[TASK INSTRUCTIONS]: Every line below between the line holding "#7954 = VECTOR ( 'NONE', #14132, 39.37008 ) ;" and the line holding "#14178 = ORIENTED_EDGE", inclusive, should be repeated exactly, and all other lines omitted.

[INFORMATION GIVEN]:

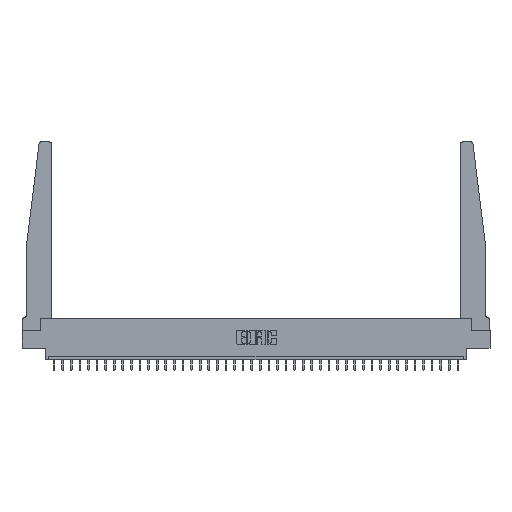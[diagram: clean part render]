
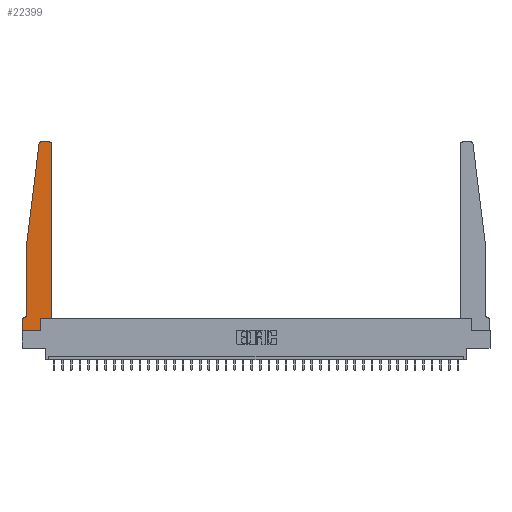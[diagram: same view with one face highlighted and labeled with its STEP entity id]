
A CAD part, top view. The second image highlights one B-rep face of the part: STEP entity #22399.
In plain terms, the highlighted planar face has unit normal (0, 0, 1).
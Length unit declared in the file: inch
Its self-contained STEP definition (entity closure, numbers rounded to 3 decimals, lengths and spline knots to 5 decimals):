
#115 = CARTESIAN_POINT ( 'NONE',  ( 0., 0.1875, 0.37 ) ) ;
#908 = EDGE_CURVE ( 'NONE', #25852, #27586, #5501, .T. ) ;
#1175 = ORIENTED_EDGE ( 'NONE', *, *, #10447, .T. ) ;
#1388 = CARTESIAN_POINT ( 'NONE',  ( 0.065, 0.2375, 0.37 ) ) ;
#1649 = ORIENTED_EDGE ( 'NONE', *, *, #10105, .T. ) ;
#2391 = DIRECTION ( 'NONE',  ( 1., 0., 0. ) ) ;
#2569 = EDGE_CURVE ( 'NONE', #26002, #22386, #15939, .T. ) ;
#2684 = EDGE_LOOP ( 'NONE', ( #1175, #7635, #31317, #21921, #1649, #19439, #5986, #26265, #10682, #6630, #33146, #14178 ) ) ;
#2781 = DIRECTION ( 'NONE',  ( -0.122, -0.992, 0. ) ) ;
#2871 = DIRECTION ( 'NONE',  ( 1., 0., 0. ) ) ;
#3240 = CARTESIAN_POINT ( 'NONE',  ( 0., 0., 0.37 ) ) ;
#3518 = DIRECTION ( 'NONE',  ( -1., 0., 0. ) ) ;
#3738 = VERTEX_POINT ( 'NONE', #9937 ) ;
#5237 = VERTEX_POINT ( 'NONE', #1388 ) ;
#5501 = LINE ( 'NONE', #33476, #26799 ) ;
#5986 = ORIENTED_EDGE ( 'NONE', *, *, #18563, .T. ) ;
#6097 = DIRECTION ( 'NONE',  ( 1., 0., 0. ) ) ;
#6144 = LINE ( 'NONE', #13271, #27427 ) ;
#6479 = LINE ( 'NONE', #33144, #17065 ) ;
#6630 = ORIENTED_EDGE ( 'NONE', *, *, #33755, .T. ) ;
#7582 = DIRECTION ( 'NONE',  ( 0., 1., 0. ) ) ;
#7635 = ORIENTED_EDGE ( 'NONE', *, *, #25223, .T. ) ;
#7638 = DIRECTION ( 'NONE',  ( 0., 0., 1. ) ) ;
#7783 = CARTESIAN_POINT ( 'NONE',  ( 0.27653, 2.72, 0.37 ) ) ;
#7954 = VECTOR ( 'NONE', #14132, 39.37008 ) ;
#8018 = VERTEX_POINT ( 'NONE', #28484 ) ;
#8507 = EDGE_CURVE ( 'NONE', #25192, #3738, #6144, .T. ) ;
#8789 = CARTESIAN_POINT ( 'NONE',  ( 0.065, 0.1875, 0.37 ) ) ;
#9550 = LINE ( 'NONE', #8789, #7954 ) ;
#9937 = CARTESIAN_POINT ( 'NONE',  ( 0.2605, 0.18, 0.37 ) ) ;
#10105 = EDGE_CURVE ( 'NONE', #5237, #8018, #24461, .T. ) ;
#10122 = CARTESIAN_POINT ( 'NONE',  ( 0.065, 1.25, 0.37 ) ) ;
#10183 = VECTOR ( 'NONE', #2391, 39.37008 ) ;
#10243 = DIRECTION ( 'NONE',  ( 1., 0., 0. ) ) ;
#10447 = EDGE_CURVE ( 'NONE', #22364, #23168, #29359, .T. ) ;
#10663 = VECTOR ( 'NONE', #2781, 39.37008 ) ;
#10682 = ORIENTED_EDGE ( 'NONE', *, *, #8507, .T. ) ;
#11725 = CIRCLE ( 'NONE', #15784, 0.03 ) ;
#12204 = LINE ( 'NONE', #16810, #29873 ) ;
#12744 = CARTESIAN_POINT ( 'NONE',  ( 0.015, 0.2375, 0.37 ) ) ;
#13271 = CARTESIAN_POINT ( 'NONE',  ( 0.2605, 0.18, 0.37 ) ) ;
#13623 = EDGE_CURVE ( 'NONE', #8018, #24699, #9550, .T. ) ;
#14040 = CARTESIAN_POINT ( 'NONE',  ( 0.27653, 2.75, 0.37 ) ) ;
#14132 = DIRECTION ( 'NONE',  ( -1., 0., 0. ) ) ;
#14178 = ORIENTED_EDGE ( 'NONE', *, *, #23310, .T. ) ;
#14276 = DIRECTION ( 'NONE',  ( 0., -1., 0. ) ) ;
#15290 = AXIS2_PLACEMENT_3D ( 'NONE', #12744, #20502, #15585 ) ;
#15353 = DIRECTION ( 'NONE',  ( 0., 0., 1. ) ) ;
#15585 = DIRECTION ( 'NONE',  ( -1., 0., 0. ) ) ;
#15628 = CARTESIAN_POINT ( 'NONE',  ( 0.065, 1.25, 0.37 ) ) ;
#15784 = AXIS2_PLACEMENT_3D ( 'NONE', #7783, #31130, #2871 ) ;
#15810 = CARTESIAN_POINT ( 'NONE',  ( 0.425, 0.18, 0.37 ) ) ;
#15939 = LINE ( 'NONE', #15628, #10663 ) ;
#16810 = CARTESIAN_POINT ( 'NONE',  ( 0.065, 1.25, 0.37 ) ) ;
#17065 = VECTOR ( 'NONE', #31494, 39.37008 ) ;
#18011 = CARTESIAN_POINT ( 'NONE',  ( 0.425, 0.18, 0.37 ) ) ;
#18563 = EDGE_CURVE ( 'NONE', #24699, #32704, #6479, .T. ) ;
#18902 = CARTESIAN_POINT ( 'NONE',  ( 0.24675, 2.72367, 0.37 ) ) ;
#19034 = CARTESIAN_POINT ( 'NONE',  ( 0.25, 2.75, 0.37 ) ) ;
#19439 = ORIENTED_EDGE ( 'NONE', *, *, #13623, .T. ) ;
#19564 = VECTOR ( 'NONE', #6097, 39.37008 ) ;
#19966 = CARTESIAN_POINT ( 'NONE',  ( 0.425, 2.72, 0.37 ) ) ;
#20502 = DIRECTION ( 'NONE',  ( 0., 0., -1. ) ) ;
#20621 = DIRECTION ( 'NONE',  ( 1., 0., 0. ) ) ;
#20883 = CARTESIAN_POINT ( 'NONE',  ( 0.2605, 0., 0.37 ) ) ;
#21921 = ORIENTED_EDGE ( 'NONE', *, *, #24023, .T. ) ;
#22006 = EDGE_CURVE ( 'NONE', #32704, #25192, #23709, .T. ) ;
#22024 = FACE_OUTER_BOUND ( 'NONE', #2684, .T. ) ;
#22364 = VERTEX_POINT ( 'NONE', #23070 ) ;
#22386 = VERTEX_POINT ( 'NONE', #10122 ) ;
#22399 = ADVANCED_FACE ( 'NONE', ( #22024 ), #25958, .T. ) ;
#23070 = CARTESIAN_POINT ( 'NONE',  ( 0.395, 2.75, 0.37 ) ) ;
#23168 = VERTEX_POINT ( 'NONE', #14040 ) ;
#23303 = CARTESIAN_POINT ( 'NONE',  ( 0.395, 2.72, 0.37 ) ) ;
#23310 = EDGE_CURVE ( 'NONE', #27586, #22364, #28707, .T. ) ;
#23709 = LINE ( 'NONE', #3240, #19564 ) ;
#24023 = EDGE_CURVE ( 'NONE', #22386, #5237, #12204, .T. ) ;
#24147 = LINE ( 'NONE', #18011, #10183 ) ;
#24461 = CIRCLE ( 'NONE', #15290, 0.05 ) ;
#24699 = VERTEX_POINT ( 'NONE', #115 ) ;
#25192 = VERTEX_POINT ( 'NONE', #20883 ) ;
#25223 = EDGE_CURVE ( 'NONE', #23168, #26002, #11725, .T. ) ;
#25852 = VERTEX_POINT ( 'NONE', #15810 ) ;
#25958 = PLANE ( 'NONE',  #28948 ) ;
#26002 = VERTEX_POINT ( 'NONE', #18902 ) ;
#26265 = ORIENTED_EDGE ( 'NONE', *, *, #22006, .T. ) ;
#26799 = VECTOR ( 'NONE', #7582, 39.37008 ) ;
#27427 = VECTOR ( 'NONE', #29116, 39.37008 ) ;
#27586 = VERTEX_POINT ( 'NONE', #19966 ) ;
#28484 = CARTESIAN_POINT ( 'NONE',  ( 0.015, 0.1875, 0.37 ) ) ;
#28707 = CIRCLE ( 'NONE', #29866, 0.03 ) ;
#28919 = VECTOR ( 'NONE', #3518, 39.37008 ) ;
#28948 = AXIS2_PLACEMENT_3D ( 'NONE', #31110, #15353, #20621 ) ;
#29116 = DIRECTION ( 'NONE',  ( 0., 1., 0. ) ) ;
#29359 = LINE ( 'NONE', #19034, #28919 ) ;
#29866 = AXIS2_PLACEMENT_3D ( 'NONE', #23303, #7638, #10243 ) ;
#29873 = VECTOR ( 'NONE', #14276, 39.37008 ) ;
#30974 = CARTESIAN_POINT ( 'NONE',  ( 0., 0., 0.37 ) ) ;
#31110 = CARTESIAN_POINT ( 'NONE',  ( 0., 0.1875, 0.37 ) ) ;
#31130 = DIRECTION ( 'NONE',  ( 0., 0., 1. ) ) ;
#31317 = ORIENTED_EDGE ( 'NONE', *, *, #2569, .T. ) ;
#31494 = DIRECTION ( 'NONE',  ( 0., -1., 0. ) ) ;
#32704 = VERTEX_POINT ( 'NONE', #30974 ) ;
#33144 = CARTESIAN_POINT ( 'NONE',  ( 0., 0., 0.37 ) ) ;
#33146 = ORIENTED_EDGE ( 'NONE', *, *, #908, .T. ) ;
#33476 = CARTESIAN_POINT ( 'NONE',  ( 0.425, 0.18, 0.37 ) ) ;
#33755 = EDGE_CURVE ( 'NONE', #3738, #25852, #24147, .T. ) ;

[WRITTEN ANSWER]:
#7954 = VECTOR ( 'NONE', #14132, 39.37008 ) ;
#8018 = VERTEX_POINT ( 'NONE', #28484 ) ;
#8507 = EDGE_CURVE ( 'NONE', #25192, #3738, #6144, .T. ) ;
#8789 = CARTESIAN_POINT ( 'NONE',  ( 0.065, 0.1875, 0.37 ) ) ;
#9550 = LINE ( 'NONE', #8789, #7954 ) ;
#9937 = CARTESIAN_POINT ( 'NONE',  ( 0.2605, 0.18, 0.37 ) ) ;
#10105 = EDGE_CURVE ( 'NONE', #5237, #8018, #24461, .T. ) ;
#10122 = CARTESIAN_POINT ( 'NONE',  ( 0.065, 1.25, 0.37 ) ) ;
#10183 = VECTOR ( 'NONE', #2391, 39.37008 ) ;
#10243 = DIRECTION ( 'NONE',  ( 1., 0., 0. ) ) ;
#10447 = EDGE_CURVE ( 'NONE', #22364, #23168, #29359, .T. ) ;
#10663 = VECTOR ( 'NONE', #2781, 39.37008 ) ;
#10682 = ORIENTED_EDGE ( 'NONE', *, *, #8507, .T. ) ;
#11725 = CIRCLE ( 'NONE', #15784, 0.03 ) ;
#12204 = LINE ( 'NONE', #16810, #29873 ) ;
#12744 = CARTESIAN_POINT ( 'NONE',  ( 0.015, 0.2375, 0.37 ) ) ;
#13271 = CARTESIAN_POINT ( 'NONE',  ( 0.2605, 0.18, 0.37 ) ) ;
#13623 = EDGE_CURVE ( 'NONE', #8018, #24699, #9550, .T. ) ;
#14040 = CARTESIAN_POINT ( 'NONE',  ( 0.27653, 2.75, 0.37 ) ) ;
#14132 = DIRECTION ( 'NONE',  ( -1., 0., 0. ) ) ;
#14178 = ORIENTED_EDGE ( 'NONE', *, *, #23310, .T. ) ;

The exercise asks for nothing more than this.